WORK INSTRUCTION: The required output is the exact run of lines below that opens at the line with "#92=EDGE_CURVE('E205',#91,#82,#89,.T.);" and closes at the line with "#125=DIRECTION('',(0.,1.,0.));".

---------- SUPPLIED ENTRIES ----------

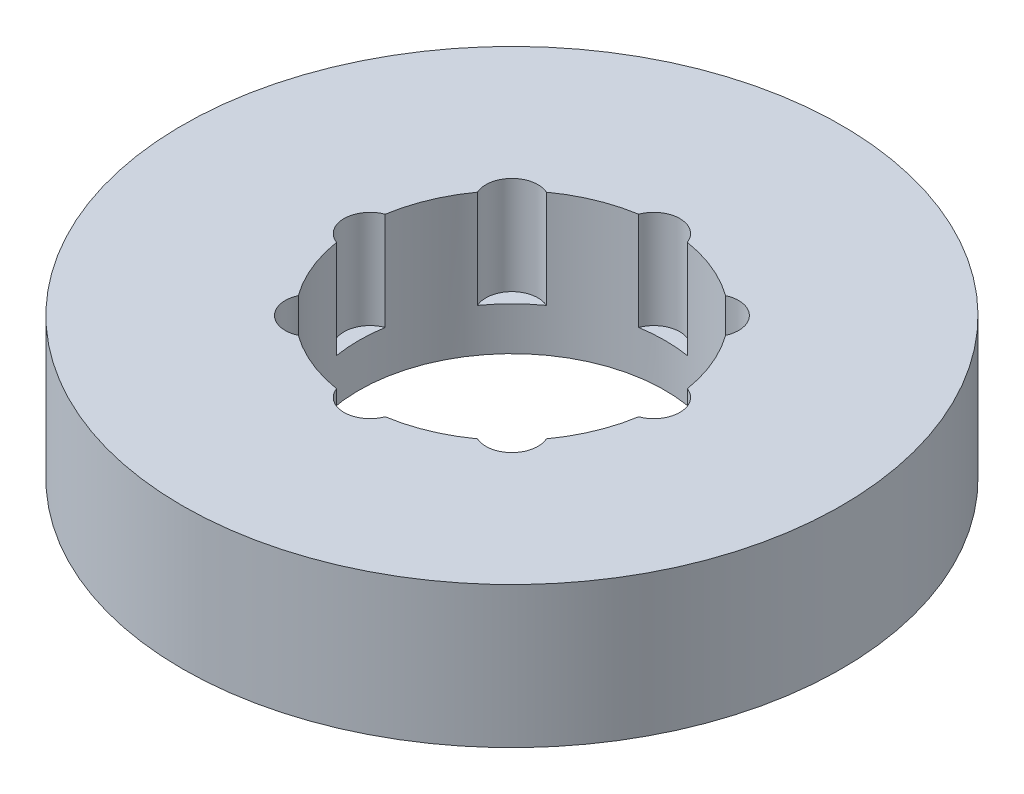
ISO-10303-21;
HEADER;
FILE_DESCRIPTION(('STEP AP214'),'2;1');
FILE_NAME('part.step','',(''),(''),'','','');
FILE_SCHEMA(('AUTOMOTIVE_DESIGN { 1 0 10303 214 1 1 1 1 }'));
ENDSEC;
DATA;
#1=APPLICATION_CONTEXT('core data for automotive mechanical design processes');
#2=APPLICATION_PROTOCOL_DEFINITION('international standard','automotive_design',2000,#1);
#3=PRODUCT_CONTEXT('',#1,'mechanical');
#4=PRODUCT('Part','Part','',(#3));
#5=PRODUCT_RELATED_PRODUCT_CATEGORY('part','',(#4));
#6=PRODUCT_DEFINITION_FORMATION('','',#4);
#7=PRODUCT_DEFINITION_CONTEXT('part definition',#1,'design');
#8=PRODUCT_DEFINITION('design','',#6,#7);
#9=PRODUCT_DEFINITION_SHAPE('','',#8);
#10=(LENGTH_UNIT() NAMED_UNIT(*) SI_UNIT(.MILLI.,.METRE.));
#11=(NAMED_UNIT(*) PLANE_ANGLE_UNIT() SI_UNIT($,.RADIAN.));
#12=(NAMED_UNIT(*) SI_UNIT($,.STERADIAN.) SOLID_ANGLE_UNIT());
#13=UNCERTAINTY_MEASURE_WITH_UNIT(LENGTH_MEASURE(1.E-05),#10,'distance_accuracy_value','');
#14=(GEOMETRIC_REPRESENTATION_CONTEXT(3) GLOBAL_UNCERTAINTY_ASSIGNED_CONTEXT((#13)) GLOBAL_UNIT_ASSIGNED_CONTEXT((#10,
#11,#12)) REPRESENTATION_CONTEXT('',''));
#15=CARTESIAN_POINT('',(0.,0.,0.));
#16=DIRECTION('',(0.,0.,1.));
#17=DIRECTION('',(1.,0.,0.));
#18=AXIS2_PLACEMENT_3D('',#15,#16,#17);
#19=CARTESIAN_POINT('',(0.,30.,0.));
#20=DIRECTION('',(0.,-1.,0.));
#21=DIRECTION('',(0.,0.,-1.));
#22=AXIS2_PLACEMENT_3D('',#19,#20,#21);
#23=CYLINDRICAL_SURFACE('',#22,70.);
#24=CARTESIAN_POINT('',(0.,30.,0.));
#25=DIRECTION('',(0.,1.,0.));
#26=DIRECTION('',(0.,0.,1.));
#27=AXIS2_PLACEMENT_3D('',#24,#25,#26);
#28=CIRCLE('',#27,70.);
#29=CARTESIAN_POINT('',(0.,30.,70.));
#30=VERTEX_POINT('',#29);
#31=EDGE_CURVE('E183',#30,#30,#28,.T.);
#32=ORIENTED_EDGE('',*,*,#31,.F.);
#33=EDGE_LOOP('',(#32));
#34=FACE_BOUND('',#33,.T.);
#35=CARTESIAN_POINT('',(0.,0.,0.));
#36=DIRECTION('',(0.,1.,0.));
#37=DIRECTION('',(0.,0.,1.));
#38=AXIS2_PLACEMENT_3D('',#35,#36,#37);
#39=CIRCLE('',#38,70.);
#40=CARTESIAN_POINT('',(0.,0.,70.));
#41=VERTEX_POINT('',#40);
#42=EDGE_CURVE('E182',#41,#41,#39,.T.);
#43=ORIENTED_EDGE('',*,*,#42,.T.);
#44=EDGE_LOOP('',(#43));
#45=FACE_BOUND('',#44,.T.);
#46=ADVANCED_FACE('F39',(#34,#45),#23,.T.);
#47=CARTESIAN_POINT('',(0.,30.,0.));
#48=DIRECTION('',(0.,1.,0.));
#49=DIRECTION('',(0.,0.,1.));
#50=AXIS2_PLACEMENT_3D('',#47,#48,#49);
#51=PLANE('',#50);
#52=CARTESIAN_POINT('',(1.05216337679654E-13,30.,30.1351568198605));
#53=DIRECTION('',(0.,1.,0.));
#54=DIRECTION('',(1.,0.,0.));
#55=AXIS2_PLACEMENT_3D('',#52,#53,#54);
#56=CIRCLE('',#55,5.52938833569611);
#57=CARTESIAN_POINT('',(-5.17399955720129,30.,32.0855065190201));
#58=VERTEX_POINT('',#57);
#59=CARTESIAN_POINT('',(5.17399955720152,30.,32.0855065190201));
#60=VERTEX_POINT('',#59);
#61=EDGE_CURVE('E256',#58,#60,#56,.T.);
#62=ORIENTED_EDGE('',*,*,#61,.F.);
#63=CARTESIAN_POINT('',(0.,30.,0.));
#64=DIRECTION('',(0.,1.,0.));
#65=DIRECTION('',(0.,0.,1.));
#66=AXIS2_PLACEMENT_3D('',#63,#64,#65);
#67=CIRCLE('',#66,32.5);
#68=CARTESIAN_POINT('',(-19.0293090646509,30.,26.3464494101576));
#69=VERTEX_POINT('',#68);
#70=EDGE_CURVE('E175',#69,#58,#67,.T.);
#71=ORIENTED_EDGE('',*,*,#70,.F.);
#72=CARTESIAN_POINT('',(-21.3087737394434,30.,21.3087737394434));
#73=DIRECTION('',(0.,1.,0.));
#74=DIRECTION('',(0.707106781186549,0.,0.707106781186546));
#75=AXIS2_PLACEMENT_3D('',#72,#73,#74);
#76=CIRCLE('',#75,5.52938833569611);
#77=CARTESIAN_POINT('',(-26.3464494101575,30.,19.029309064651));
#78=VERTEX_POINT('',#77);
#79=EDGE_CURVE('E152',#78,#69,#76,.T.);
#80=ORIENTED_EDGE('',*,*,#79,.F.);
#81=CARTESIAN_POINT('',(-32.0855065190201,30.,5.17399955720141));
#82=VERTEX_POINT('',#81);
#83=EDGE_CURVE('E168',#82,#78,#67,.T.);
#84=ORIENTED_EDGE('',*,*,#83,.F.);
#85=CARTESIAN_POINT('',(-30.1351568198605,30.,0.));
#86=DIRECTION('',(0.,1.,0.));
#87=DIRECTION('',(0.,0.,1.));
#88=AXIS2_PLACEMENT_3D('',#85,#86,#87);
#89=CIRCLE('',#88,5.52938833569611);
#90=CARTESIAN_POINT('',(-32.0855065190201,30.,-5.17399955720141));
#91=VERTEX_POINT('',#90);
#92=EDGE_CURVE('E205',#91,#82,#89,.T.);
#93=ORIENTED_EDGE('',*,*,#92,.F.);
#94=CARTESIAN_POINT('',(-26.3464494101578,30.,-19.0293090646506));
#95=VERTEX_POINT('',#94);
#96=EDGE_CURVE('E181',#95,#91,#67,.T.);
#97=ORIENTED_EDGE('',*,*,#96,.F.);
#98=CARTESIAN_POINT('',(-21.3087737394437,30.,-21.3087737394431));
#99=DIRECTION('',(0.,1.,0.));
#100=DIRECTION('',(-0.707106781186539,0.,0.707106781186556));
#101=AXIS2_PLACEMENT_3D('',#98,#99,#100);
#102=CIRCLE('',#101,5.52938833569611);
#103=CARTESIAN_POINT('',(-19.0293090646513,30.,-26.3464494101574));
#104=VERTEX_POINT('',#103);
#105=EDGE_CURVE('E453',#104,#95,#102,.T.);
#106=ORIENTED_EDGE('',*,*,#105,.F.);
#107=CARTESIAN_POINT('',(-5.17399955720174,30.,-32.08550651902));
#108=VERTEX_POINT('',#107);
#109=EDGE_CURVE('E189',#108,#104,#67,.T.);
#110=ORIENTED_EDGE('',*,*,#109,.F.);
#111=CARTESIAN_POINT('',(-3.15649013038963E-13,30.,-30.1351568198605));
#112=DIRECTION('',(0.,1.,0.));
#113=DIRECTION('',(-1.,0.,0.));
#114=AXIS2_PLACEMENT_3D('',#111,#112,#113);
#115=CIRCLE('',#114,5.52938833569611);
#116=CARTESIAN_POINT('',(5.17399955720107,30.,-32.0855065190201));
#117=VERTEX_POINT('',#116);
#118=EDGE_CURVE('E462',#117,#108,#115,.T.);
#119=ORIENTED_EDGE('',*,*,#118,.F.);
#120=CARTESIAN_POINT('',(19.0293090646507,30.,-26.3464494101577));
#121=VERTEX_POINT('',#120);
#122=EDGE_CURVE('E197',#121,#117,#67,.T.);
#123=ORIENTED_EDGE('',*,*,#122,.F.);
#124=CARTESIAN_POINT('',(21.3087737394432,30.,-21.3087737394436));
#125=DIRECTION('',(0.,1.,0.));
#126=DIRECTION('',(-0.707106781186554,0.,-0.707106781186541));
#127=AXIS2_PLACEMENT_3D('',#124,#125,#126);
#128=CIRCLE('',#127,5.52938833569611);
#129=CARTESIAN_POINT('',(26.3464494101574,30.,-19.0293090646512));
#130=VERTEX_POINT('',#129);
#131=EDGE_CURVE('E470',#130,#121,#128,.T.);
#132=ORIENTED_EDGE('',*,*,#131,.F.);
#133=CARTESIAN_POINT('',(32.0855065190201,30.,-5.17399955720141));
#134=VERTEX_POINT('',#133);
#135=EDGE_CURVE('E489',#134,#130,#67,.T.);
#136=ORIENTED_EDGE('',*,*,#135,.F.);
#137=CARTESIAN_POINT('',(30.1351568198605,30.,0.));
#138=DIRECTION('',(0.,1.,0.));
#139=DIRECTION('',(0.,0.,-1.));
#140=AXIS2_PLACEMENT_3D('',#137,#138,#139);
#141=CIRCLE('',#140,5.52938833569611);
#142=CARTESIAN_POINT('',(32.0855065190201,30.,5.17399955720141));
#143=VERTEX_POINT('',#142);
#144=EDGE_CURVE('E476',#143,#134,#141,.T.);
#145=ORIENTED_EDGE('',*,*,#144,.F.);
#146=CARTESIAN_POINT('',(26.3464494101577,30.,19.0293090646508));
#147=VERTEX_POINT('',#146);
#148=EDGE_CURVE('E491',#147,#143,#67,.T.);
#149=ORIENTED_EDGE('',*,*,#148,.F.);
#150=CARTESIAN_POINT('',(21.3087737394435,30.,21.3087737394433));
#151=DIRECTION('',(0.,1.,0.));
#152=DIRECTION('',(0.707106781186544,0.,-0.707106781186551));
#153=AXIS2_PLACEMENT_3D('',#150,#151,#152);
#154=CIRCLE('',#153,5.52938833569611);
#155=CARTESIAN_POINT('',(19.0293090646511,30.,26.3464494101575));
#156=VERTEX_POINT('',#155);
#157=EDGE_CURVE('E475',#156,#147,#154,.T.);
#158=ORIENTED_EDGE('',*,*,#157,.F.);
#159=EDGE_CURVE('E190',#60,#156,#67,.T.);
#160=ORIENTED_EDGE('',*,*,#159,.F.);
#161=EDGE_LOOP('',(#62,#71,#80,#84,#93,#97,#106,#110,#119,#123,#132,#136,#145,#149,#158,#160));
#162=FACE_BOUND('',#161,.T.);
#163=ORIENTED_EDGE('',*,*,#31,.T.);
#164=EDGE_LOOP('',(#163));
#165=FACE_BOUND('',#164,.T.);
#166=ADVANCED_FACE('F170',(#162,#165),#51,.T.);
#167=CARTESIAN_POINT('',(0.,0.,0.));
#168=DIRECTION('',(0.,1.,0.));
#169=DIRECTION('',(0.,0.,1.));
#170=AXIS2_PLACEMENT_3D('',#167,#168,#169);
#171=PLANE('',#170);
#172=CARTESIAN_POINT('',(0.,0.,0.));
#173=DIRECTION('',(0.,1.,0.));
#174=DIRECTION('',(0.,0.,1.));
#175=AXIS2_PLACEMENT_3D('',#172,#173,#174);
#176=CIRCLE('',#175,32.5);
#177=CARTESIAN_POINT('',(0.,0.,32.5));
#178=VERTEX_POINT('',#177);
#179=EDGE_CURVE('E191',#178,#178,#176,.T.);
#180=ORIENTED_EDGE('',*,*,#179,.T.);
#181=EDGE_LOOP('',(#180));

----------

REPLY TO THE TASK:
#92=EDGE_CURVE('E205',#91,#82,#89,.T.);
#93=ORIENTED_EDGE('',*,*,#92,.F.);
#94=CARTESIAN_POINT('',(-26.3464494101578,30.,-19.0293090646506));
#95=VERTEX_POINT('',#94);
#96=EDGE_CURVE('E181',#95,#91,#67,.T.);
#97=ORIENTED_EDGE('',*,*,#96,.F.);
#98=CARTESIAN_POINT('',(-21.3087737394437,30.,-21.3087737394431));
#99=DIRECTION('',(0.,1.,0.));
#100=DIRECTION('',(-0.707106781186539,0.,0.707106781186556));
#101=AXIS2_PLACEMENT_3D('',#98,#99,#100);
#102=CIRCLE('',#101,5.52938833569611);
#103=CARTESIAN_POINT('',(-19.0293090646513,30.,-26.3464494101574));
#104=VERTEX_POINT('',#103);
#105=EDGE_CURVE('E453',#104,#95,#102,.T.);
#106=ORIENTED_EDGE('',*,*,#105,.F.);
#107=CARTESIAN_POINT('',(-5.17399955720174,30.,-32.08550651902));
#108=VERTEX_POINT('',#107);
#109=EDGE_CURVE('E189',#108,#104,#67,.T.);
#110=ORIENTED_EDGE('',*,*,#109,.F.);
#111=CARTESIAN_POINT('',(-3.15649013038963E-13,30.,-30.1351568198605));
#112=DIRECTION('',(0.,1.,0.));
#113=DIRECTION('',(-1.,0.,0.));
#114=AXIS2_PLACEMENT_3D('',#111,#112,#113);
#115=CIRCLE('',#114,5.52938833569611);
#116=CARTESIAN_POINT('',(5.17399955720107,30.,-32.0855065190201));
#117=VERTEX_POINT('',#116);
#118=EDGE_CURVE('E462',#117,#108,#115,.T.);
#119=ORIENTED_EDGE('',*,*,#118,.F.);
#120=CARTESIAN_POINT('',(19.0293090646507,30.,-26.3464494101577));
#121=VERTEX_POINT('',#120);
#122=EDGE_CURVE('E197',#121,#117,#67,.T.);
#123=ORIENTED_EDGE('',*,*,#122,.F.);
#124=CARTESIAN_POINT('',(21.3087737394432,30.,-21.3087737394436));
#125=DIRECTION('',(0.,1.,0.));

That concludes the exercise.